**** TASK INPUT
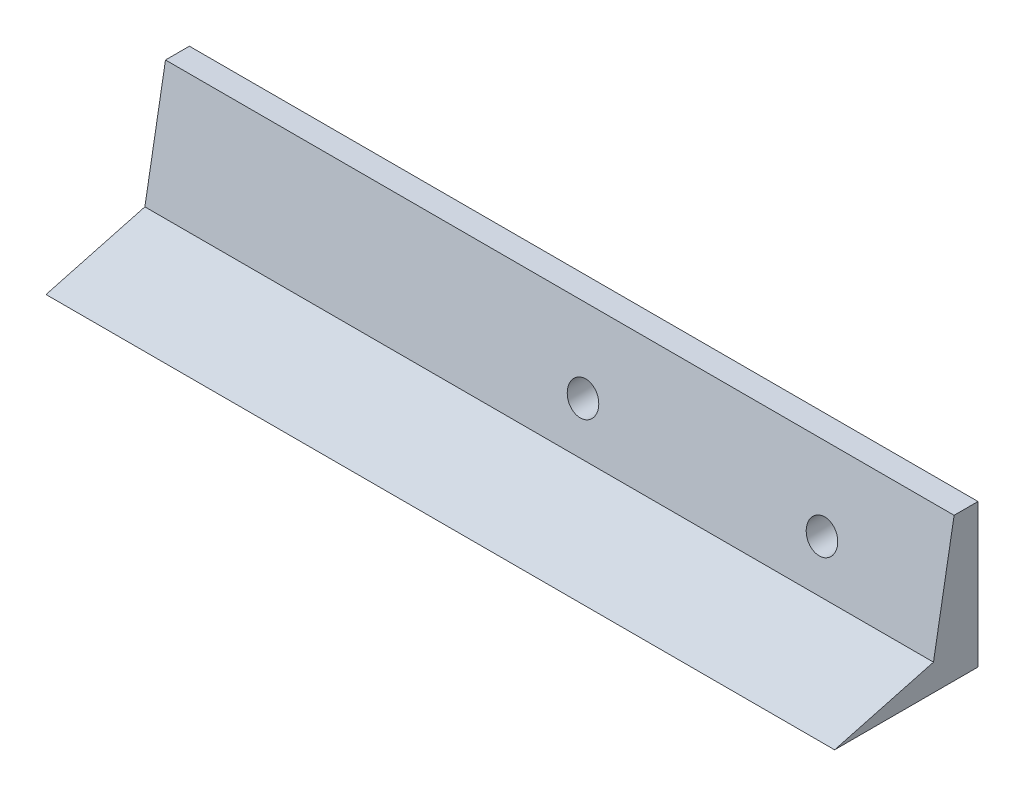
ISO-10303-21;
HEADER;
FILE_DESCRIPTION(('STEP AP214'),'2;1');
FILE_NAME('part.step','',(''),(''),'','','');
FILE_SCHEMA(('AUTOMOTIVE_DESIGN { 1 0 10303 214 1 1 1 1 }'));
ENDSEC;
DATA;
#1=APPLICATION_CONTEXT('core data for automotive mechanical design processes');
#2=APPLICATION_PROTOCOL_DEFINITION('international standard','automotive_design',2000,#1);
#3=PRODUCT_CONTEXT('',#1,'mechanical');
#4=PRODUCT('Part','Part','',(#3));
#5=PRODUCT_RELATED_PRODUCT_CATEGORY('part','',(#4));
#6=PRODUCT_DEFINITION_FORMATION('','',#4);
#7=PRODUCT_DEFINITION_CONTEXT('part definition',#1,'design');
#8=PRODUCT_DEFINITION('design','',#6,#7);
#9=PRODUCT_DEFINITION_SHAPE('','',#8);
#10=(LENGTH_UNIT() NAMED_UNIT(*) SI_UNIT(.MILLI.,.METRE.));
#11=(NAMED_UNIT(*) PLANE_ANGLE_UNIT() SI_UNIT($,.RADIAN.));
#12=(NAMED_UNIT(*) SI_UNIT($,.STERADIAN.) SOLID_ANGLE_UNIT());
#13=UNCERTAINTY_MEASURE_WITH_UNIT(LENGTH_MEASURE(1.E-05),#10,'distance_accuracy_value','');
#14=(GEOMETRIC_REPRESENTATION_CONTEXT(3) GLOBAL_UNCERTAINTY_ASSIGNED_CONTEXT((#13)) GLOBAL_UNIT_ASSIGNED_CONTEXT((#10,
#11,#12)) REPRESENTATION_CONTEXT('',''));
#15=CARTESIAN_POINT('',(0.,0.,0.));
#16=DIRECTION('',(0.,0.,1.));
#17=DIRECTION('',(1.,0.,0.));
#18=AXIS2_PLACEMENT_3D('',#15,#16,#17);
#19=CARTESIAN_POINT('',(100.,0.,30.));
#20=DIRECTION('',(0.,1.,0.));
#21=DIRECTION('',(0.,0.,1.));
#22=AXIS2_PLACEMENT_3D('',#19,#20,#21);
#23=PLANE('',#22);
#24=DIRECTION('',(-1.,0.,0.));
#25=VECTOR('',#24,1.);
#26=CARTESIAN_POINT('',(100.,0.,30.));
#27=LINE('',#26,#25);
#28=CARTESIAN_POINT('',(100.,0.,30.));
#29=VERTEX_POINT('',#28);
#30=CARTESIAN_POINT('',(-65.,0.,30.));
#31=VERTEX_POINT('',#30);
#32=EDGE_CURVE('E103',#29,#31,#27,.T.);
#33=ORIENTED_EDGE('',*,*,#32,.T.);
#34=DIRECTION('',(0.,0.,1.));
#35=VECTOR('',#34,1.);
#36=CARTESIAN_POINT('',(-65.,0.,0.));
#37=LINE('',#36,#35);
#38=CARTESIAN_POINT('',(-65.,0.,0.));
#39=VERTEX_POINT('',#38);
#40=EDGE_CURVE('E102',#39,#31,#37,.T.);
#41=ORIENTED_EDGE('',*,*,#40,.F.);
#42=DIRECTION('',(-1.,0.,0.));
#43=VECTOR('',#42,1.);
#44=CARTESIAN_POINT('',(100.,0.,0.));
#45=LINE('',#44,#43);
#46=CARTESIAN_POINT('',(100.,0.,0.));
#47=VERTEX_POINT('',#46);
#48=EDGE_CURVE('E11',#47,#39,#45,.T.);
#49=ORIENTED_EDGE('',*,*,#48,.F.);
#50=DIRECTION('',(0.,0.,-1.));
#51=VECTOR('',#50,1.);
#52=CARTESIAN_POINT('',(100.,0.,30.));
#53=LINE('',#52,#51);
#54=EDGE_CURVE('E142',#29,#47,#53,.T.);
#55=ORIENTED_EDGE('',*,*,#54,.F.);
#56=EDGE_LOOP('',(#33,#41,#49,#55));
#57=FACE_BOUND('',#56,.T.);
#58=ADVANCED_FACE('F45',(#57),#23,.F.);
#59=CARTESIAN_POINT('',(100.,0.,0.));
#60=DIRECTION('',(0.,0.,1.));
#61=DIRECTION('',(1.,0.,0.));
#62=AXIS2_PLACEMENT_3D('',#59,#60,#61);
#63=PLANE('',#62);
#64=CARTESIAN_POINT('',(75.,15.,0.));
#65=DIRECTION('',(0.,0.,-1.));
#66=DIRECTION('',(-1.,0.,0.));
#67=AXIS2_PLACEMENT_3D('',#64,#65,#66);
#68=CIRCLE('',#67,1.69999999999999);
#69=CARTESIAN_POINT('',(73.3,15.,0.));
#70=VERTEX_POINT('',#69);
#71=EDGE_CURVE('E134',#70,#70,#68,.T.);
#72=ORIENTED_EDGE('',*,*,#71,.F.);
#73=EDGE_LOOP('',(#72));
#74=FACE_BOUND('',#73,.T.);
#75=CARTESIAN_POINT('',(25.,15.,0.));
#76=DIRECTION('',(0.,0.,-1.));
#77=DIRECTION('',(-1.,0.,0.));
#78=AXIS2_PLACEMENT_3D('',#75,#76,#77);
#79=CIRCLE('',#78,1.7);
#80=CARTESIAN_POINT('',(23.3,15.,0.));
#81=VERTEX_POINT('',#80);
#82=EDGE_CURVE('E138',#81,#81,#79,.T.);
#83=ORIENTED_EDGE('',*,*,#82,.F.);
#84=EDGE_LOOP('',(#83));
#85=FACE_BOUND('',#84,.T.);
#86=ORIENTED_EDGE('',*,*,#48,.T.);
#87=DIRECTION('',(0.,-1.,0.));
#88=VECTOR('',#87,1.);
#89=CARTESIAN_POINT('',(-65.,30.,0.));
#90=LINE('',#89,#88);
#91=CARTESIAN_POINT('',(-65.,30.,0.));
#92=VERTEX_POINT('',#91);
#93=EDGE_CURVE('E97',#92,#39,#90,.T.);
#94=ORIENTED_EDGE('',*,*,#93,.F.);
#95=DIRECTION('',(-1.,0.,0.));
#96=VECTOR('',#95,1.);
#97=CARTESIAN_POINT('',(100.,30.,0.));
#98=LINE('',#97,#96);
#99=CARTESIAN_POINT('',(100.,30.,0.));
#100=VERTEX_POINT('',#99);
#101=EDGE_CURVE('E54',#100,#92,#98,.T.);
#102=ORIENTED_EDGE('',*,*,#101,.F.);
#103=DIRECTION('',(0.,1.,0.));
#104=VECTOR('',#103,1.);
#105=CARTESIAN_POINT('',(100.,0.,0.));
#106=LINE('',#105,#104);
#107=EDGE_CURVE('E98',#47,#100,#106,.T.);
#108=ORIENTED_EDGE('',*,*,#107,.F.);
#109=EDGE_LOOP('',(#86,#94,#102,#108));
#110=FACE_BOUND('',#109,.T.);
#111=ADVANCED_FACE('F94',(#74,#85,#110),#63,.F.);
#112=CARTESIAN_POINT('',(100.,30.,5.));
#113=DIRECTION('',(0.,-1.,0.));
#114=DIRECTION('',(0.,0.,-1.));
#115=AXIS2_PLACEMENT_3D('',#112,#113,#114);
#116=PLANE('',#115);
#117=ORIENTED_EDGE('',*,*,#101,.T.);
#118=DIRECTION('',(0.,0.,-1.));
#119=VECTOR('',#118,1.);
#120=CARTESIAN_POINT('',(-65.,30.,5.));
#121=LINE('',#120,#119);
#122=CARTESIAN_POINT('',(-65.,30.,5.));
#123=VERTEX_POINT('',#122);
#124=EDGE_CURVE('E114',#123,#92,#121,.T.);
#125=ORIENTED_EDGE('',*,*,#124,.F.);
#126=DIRECTION('',(-1.,0.,0.));
#127=VECTOR('',#126,1.);
#128=CARTESIAN_POINT('',(100.,30.,5.));
#129=LINE('',#128,#127);
#130=CARTESIAN_POINT('',(100.,30.,5.));
#131=VERTEX_POINT('',#130);
#132=EDGE_CURVE('E159',#131,#123,#129,.T.);
#133=ORIENTED_EDGE('',*,*,#132,.F.);
#134=DIRECTION('',(0.,0.,1.));
#135=VECTOR('',#134,1.);
#136=CARTESIAN_POINT('',(100.,30.,5.));
#137=LINE('',#136,#135);
#138=EDGE_CURVE('E147',#100,#131,#137,.T.);
#139=ORIENTED_EDGE('',*,*,#138,.F.);
#140=EDGE_LOOP('',(#117,#125,#133,#139));
#141=FACE_BOUND('',#140,.T.);
#142=ADVANCED_FACE('F203',(#141),#116,.F.);
#143=CARTESIAN_POINT('',(100.,5.5432287597402,9.31238863067264));
#144=DIRECTION('',(0.,-0.173648177666931,-0.984807753012208));
#145=DIRECTION('',(0.,0.984807753012208,-0.173648177666931));
#146=AXIS2_PLACEMENT_3D('',#143,#144,#145);
#147=PLANE('',#146);
#148=CARTESIAN_POINT('',(75.,15.,7.64490471062698));
#149=DIRECTION('',(0.,-0.173648177666931,-0.984807753012208));
#150=DIRECTION('',(0.,0.984807753012208,-0.173648177666931));
#151=AXIS2_PLACEMENT_3D('',#148,#149,#150);
#152=ELLIPSE('',#151,3.30013648862868,3.25000000000001);
#153=CARTESIAN_POINT('',(75.,18.25,7.07184202332447));
#154=VERTEX_POINT('',#153);
#155=EDGE_CURVE('E48',#154,#154,#152,.T.);
#156=ORIENTED_EDGE('',*,*,#155,.T.);
#157=EDGE_LOOP('',(#156));
#158=FACE_BOUND('',#157,.T.);
#159=CARTESIAN_POINT('',(25.,15.,7.64490471062698));
#160=DIRECTION('',(0.,-0.173648177666931,-0.984807753012208));
#161=DIRECTION('',(0.,0.984807753012208,-0.173648177666931));
#162=AXIS2_PLACEMENT_3D('',#159,#160,#161);
#163=ELLIPSE('',#162,3.30013648862867,3.25);
#164=CARTESIAN_POINT('',(25.,18.25,7.07184202332447));
#165=VERTEX_POINT('',#164);
#166=EDGE_CURVE('E170',#165,#165,#163,.T.);
#167=ORIENTED_EDGE('',*,*,#166,.T.);
#168=EDGE_LOOP('',(#167));
#169=FACE_BOUND('',#168,.T.);
#170=ORIENTED_EDGE('',*,*,#132,.T.);
#171=DIRECTION('',(0.,0.984807753012208,-0.173648177666931));
#172=VECTOR('',#171,1.);
#173=CARTESIAN_POINT('',(-65.,5.5432287597402,9.31238863067264));
#174=LINE('',#173,#172);
#175=CARTESIAN_POINT('',(-65.,5.5432287597402,9.31238863067264));
#176=VERTEX_POINT('',#175);
#177=EDGE_CURVE('E120',#176,#123,#174,.T.);
#178=ORIENTED_EDGE('',*,*,#177,.F.);
#179=DIRECTION('',(-1.,0.,0.));
#180=VECTOR('',#179,1.);
#181=CARTESIAN_POINT('',(100.,5.5432287597402,9.31238863067264));
#182=LINE('',#181,#180);
#183=CARTESIAN_POINT('',(100.,5.5432287597402,9.31238863067264));
#184=VERTEX_POINT('',#183);
#185=EDGE_CURVE('E156',#184,#176,#182,.T.);
#186=ORIENTED_EDGE('',*,*,#185,.F.);
#187=DIRECTION('',(0.,-0.984807753012208,0.173648177666931));
#188=VECTOR('',#187,1.);
#189=CARTESIAN_POINT('',(100.,5.5432287597402,9.31238863067264));
#190=LINE('',#189,#188);
#191=EDGE_CURVE('E67',#131,#184,#190,.T.);
#192=ORIENTED_EDGE('',*,*,#191,.F.);
#193=EDGE_LOOP('',(#170,#178,#186,#192));
#194=FACE_BOUND('',#193,.T.);
#195=ADVANCED_FACE('F179',(#158,#169,#194),#147,.F.);
#196=CARTESIAN_POINT('',(100.,0.,30.));
#197=DIRECTION('',(0.,-0.965925826289068,-0.258819045102522));
#198=DIRECTION('',(0.,0.258819045102522,-0.965925826289068));
#199=AXIS2_PLACEMENT_3D('',#196,#197,#198);
#200=PLANE('',#199);
#201=ORIENTED_EDGE('',*,*,#185,.T.);
#202=DIRECTION('',(0.,0.258819045102522,-0.965925826289068));
#203=VECTOR('',#202,1.);
#204=CARTESIAN_POINT('',(-65.,0.,30.));
#205=LINE('',#204,#203);
#206=EDGE_CURVE('E108',#31,#176,#205,.T.);
#207=ORIENTED_EDGE('',*,*,#206,.F.);
#208=ORIENTED_EDGE('',*,*,#32,.F.);
#209=DIRECTION('',(0.,-0.258819045102522,0.965925826289068));
#210=VECTOR('',#209,1.);
#211=CARTESIAN_POINT('',(100.,0.,30.));
#212=LINE('',#211,#210);
#213=EDGE_CURVE('E62',#184,#29,#212,.T.);
#214=ORIENTED_EDGE('',*,*,#213,.F.);
#215=EDGE_LOOP('',(#201,#207,#208,#214));
#216=FACE_BOUND('',#215,.T.);
#217=ADVANCED_FACE('F215',(#216),#200,.F.);
#218=CARTESIAN_POINT('',(100.,0.,0.));
#219=DIRECTION('',(1.,0.,0.));
#220=DIRECTION('',(0.,0.,-1.));
#221=AXIS2_PLACEMENT_3D('',#218,#219,#220);
#222=PLANE('',#221);
#223=ORIENTED_EDGE('',*,*,#54,.T.);
#224=ORIENTED_EDGE('',*,*,#107,.T.);
#225=ORIENTED_EDGE('',*,*,#138,.T.);
#226=ORIENTED_EDGE('',*,*,#191,.T.);
#227=ORIENTED_EDGE('',*,*,#213,.T.);
#228=EDGE_LOOP('',(#223,#224,#225,#226,#227));
#229=FACE_BOUND('',#228,.T.);
#230=ADVANCED_FACE('F218',(#229),#222,.T.);
#231=CARTESIAN_POINT('',(25.,15.,0.));
#232=DIRECTION('',(0.,0.,-1.));
#233=DIRECTION('',(-1.,0.,0.));
#234=AXIS2_PLACEMENT_3D('',#231,#232,#233);
#235=CYLINDRICAL_SURFACE('',#234,1.69999999999999);
#236=CARTESIAN_POINT('',(25.,15.,2.5));
#237=DIRECTION('',(0.,0.,-1.));
#238=DIRECTION('',(-1.,0.,0.));
#239=AXIS2_PLACEMENT_3D('',#236,#237,#238);
#240=CIRCLE('',#239,1.69999999999999);
#241=CARTESIAN_POINT('',(23.3,15.,2.5));
#242=VERTEX_POINT('',#241);
#243=EDGE_CURVE('E167',#242,#242,#240,.F.);
#244=ORIENTED_EDGE('',*,*,#243,.T.);
#245=EDGE_LOOP('',(#244));
#246=FACE_BOUND('',#245,.T.);
#247=ORIENTED_EDGE('',*,*,#82,.T.);
#248=EDGE_LOOP('',(#247));
#249=FACE_BOUND('',#248,.T.);
#250=ADVANCED_FACE('F194',(#246,#249),#235,.F.);
#251=CARTESIAN_POINT('',(75.,15.,0.));
#252=DIRECTION('',(0.,0.,-1.));
#253=DIRECTION('',(-1.,0.,0.));
#254=AXIS2_PLACEMENT_3D('',#251,#252,#253);
#255=CYLINDRICAL_SURFACE('',#254,1.69999999999999);
#256=CARTESIAN_POINT('',(75.,15.,2.5));
#257=DIRECTION('',(0.,0.,-1.));
#258=DIRECTION('',(-1.,0.,0.));
#259=AXIS2_PLACEMENT_3D('',#256,#257,#258);
#260=CIRCLE('',#259,1.69999999999999);
#261=CARTESIAN_POINT('',(73.3,15.,2.5));
#262=VERTEX_POINT('',#261);
#263=EDGE_CURVE('E130',#262,#262,#260,.F.);
#264=ORIENTED_EDGE('',*,*,#263,.T.);
#265=EDGE_LOOP('',(#264));
#266=FACE_BOUND('',#265,.T.);
#267=ORIENTED_EDGE('',*,*,#71,.T.);
#268=EDGE_LOOP('',(#267));
#269=FACE_BOUND('',#268,.T.);
#270=ADVANCED_FACE('F184',(#266,#269),#255,.F.);
#271=CARTESIAN_POINT('',(75.,15.,30.));
#272=DIRECTION('',(0.,0.,-1.));
#273=DIRECTION('',(-1.,0.,0.));
#274=AXIS2_PLACEMENT_3D('',#271,#272,#273);
#275=CYLINDRICAL_SURFACE('',#274,3.25000000000001);
#276=CARTESIAN_POINT('',(75.,15.,2.5));
#277=DIRECTION('',(0.,0.,-1.));
#278=DIRECTION('',(-1.,0.,0.));
#279=AXIS2_PLACEMENT_3D('',#276,#277,#278);
#280=CIRCLE('',#279,3.25000000000001);
#281=CARTESIAN_POINT('',(71.75,15.,2.5));
#282=VERTEX_POINT('',#281);
#283=EDGE_CURVE('E126',#282,#282,#280,.T.);
#284=ORIENTED_EDGE('',*,*,#283,.T.);
#285=EDGE_LOOP('',(#284));
#286=FACE_BOUND('',#285,.T.);
#287=ORIENTED_EDGE('',*,*,#155,.F.);
#288=EDGE_LOOP('',(#287));
#289=FACE_BOUND('',#288,.T.);
#290=ADVANCED_FACE('F181',(#286,#289),#275,.F.);
#291=CARTESIAN_POINT('',(75.,15.,2.5));
#292=DIRECTION('',(0.,0.,-1.));
#293=DIRECTION('',(-1.,0.,0.));
#294=AXIS2_PLACEMENT_3D('',#291,#292,#293);
#295=PLANE('',#294);
#296=ORIENTED_EDGE('',*,*,#283,.F.);
#297=EDGE_LOOP('',(#296));
#298=FACE_BOUND('',#297,.T.);
#299=ORIENTED_EDGE('',*,*,#263,.F.);
#300=EDGE_LOOP('',(#299));
#301=FACE_BOUND('',#300,.T.);
#302=ADVANCED_FACE('F183',(#298,#301),#295,.F.);
#303=CARTESIAN_POINT('',(25.,15.,30.));
#304=DIRECTION('',(0.,0.,-1.));
#305=DIRECTION('',(-1.,0.,0.));
#306=AXIS2_PLACEMENT_3D('',#303,#304,#305);
#307=CYLINDRICAL_SURFACE('',#306,3.25);
#308=CARTESIAN_POINT('',(25.,15.,2.5));
#309=DIRECTION('',(0.,0.,-1.));
#310=DIRECTION('',(-1.,0.,0.));
#311=AXIS2_PLACEMENT_3D('',#308,#309,#310);
#312=CIRCLE('',#311,3.25);
#313=CARTESIAN_POINT('',(21.75,15.,2.5));
#314=VERTEX_POINT('',#313);
#315=EDGE_CURVE('E125',#314,#314,#312,.T.);
#316=ORIENTED_EDGE('',*,*,#315,.T.);
#317=EDGE_LOOP('',(#316));
#318=FACE_BOUND('',#317,.T.);
#319=ORIENTED_EDGE('',*,*,#166,.F.);
#320=EDGE_LOOP('',(#319));
#321=FACE_BOUND('',#320,.T.);
#322=ADVANCED_FACE('F191',(#318,#321),#307,.F.);
#323=CARTESIAN_POINT('',(25.,15.,2.5));
#324=DIRECTION('',(0.,0.,-1.));
#325=DIRECTION('',(-1.,0.,0.));
#326=AXIS2_PLACEMENT_3D('',#323,#324,#325);
#327=PLANE('',#326);
#328=ORIENTED_EDGE('',*,*,#315,.F.);
#329=EDGE_LOOP('',(#328));
#330=FACE_BOUND('',#329,.T.);
#331=ORIENTED_EDGE('',*,*,#243,.F.);
#332=EDGE_LOOP('',(#331));
#333=FACE_BOUND('',#332,.T.);
#334=ADVANCED_FACE('F225',(#330,#333),#327,.F.);
#335=CARTESIAN_POINT('',(-65.,0.,0.));
#336=DIRECTION('',(-1.,0.,0.));
#337=DIRECTION('',(0.,0.,1.));
#338=AXIS2_PLACEMENT_3D('',#335,#336,#337);
#339=PLANE('',#338);
#340=ORIENTED_EDGE('',*,*,#93,.T.);
#341=ORIENTED_EDGE('',*,*,#40,.T.);
#342=ORIENTED_EDGE('',*,*,#206,.T.);
#343=ORIENTED_EDGE('',*,*,#177,.T.);
#344=ORIENTED_EDGE('',*,*,#124,.T.);
#345=EDGE_LOOP('',(#340,#341,#342,#343,#344));
#346=FACE_BOUND('',#345,.T.);
#347=ADVANCED_FACE('F111',(#346),#339,.T.);
#348=CLOSED_SHELL('',(#58,#111,#142,#195,#217,#230,#250,#270,#290,#302,#322,#334,#347));
#349=MANIFOLD_SOLID_BREP('B2',#348);
#350=ADVANCED_BREP_SHAPE_REPRESENTATION('',(#18,#349),#14);
#351=SHAPE_DEFINITION_REPRESENTATION(#9,#350);
ENDSEC;
END-ISO-10303-21;
********
_AIM OF THE EXERCISE_
For this task, write out exactly the lines of the entries above, starting at the line with "#190=LINE('',#189,#188);" and ending at the line with "#196=CARTESIAN_POINT('',(100.,0.,30.));", both included, and no others.

_SOLUTION FOR THIS PROBLEM_
#190=LINE('',#189,#188);
#191=EDGE_CURVE('E67',#131,#184,#190,.T.);
#192=ORIENTED_EDGE('',*,*,#191,.F.);
#193=EDGE_LOOP('',(#170,#178,#186,#192));
#194=FACE_BOUND('',#193,.T.);
#195=ADVANCED_FACE('F179',(#158,#169,#194),#147,.F.);
#196=CARTESIAN_POINT('',(100.,0.,30.));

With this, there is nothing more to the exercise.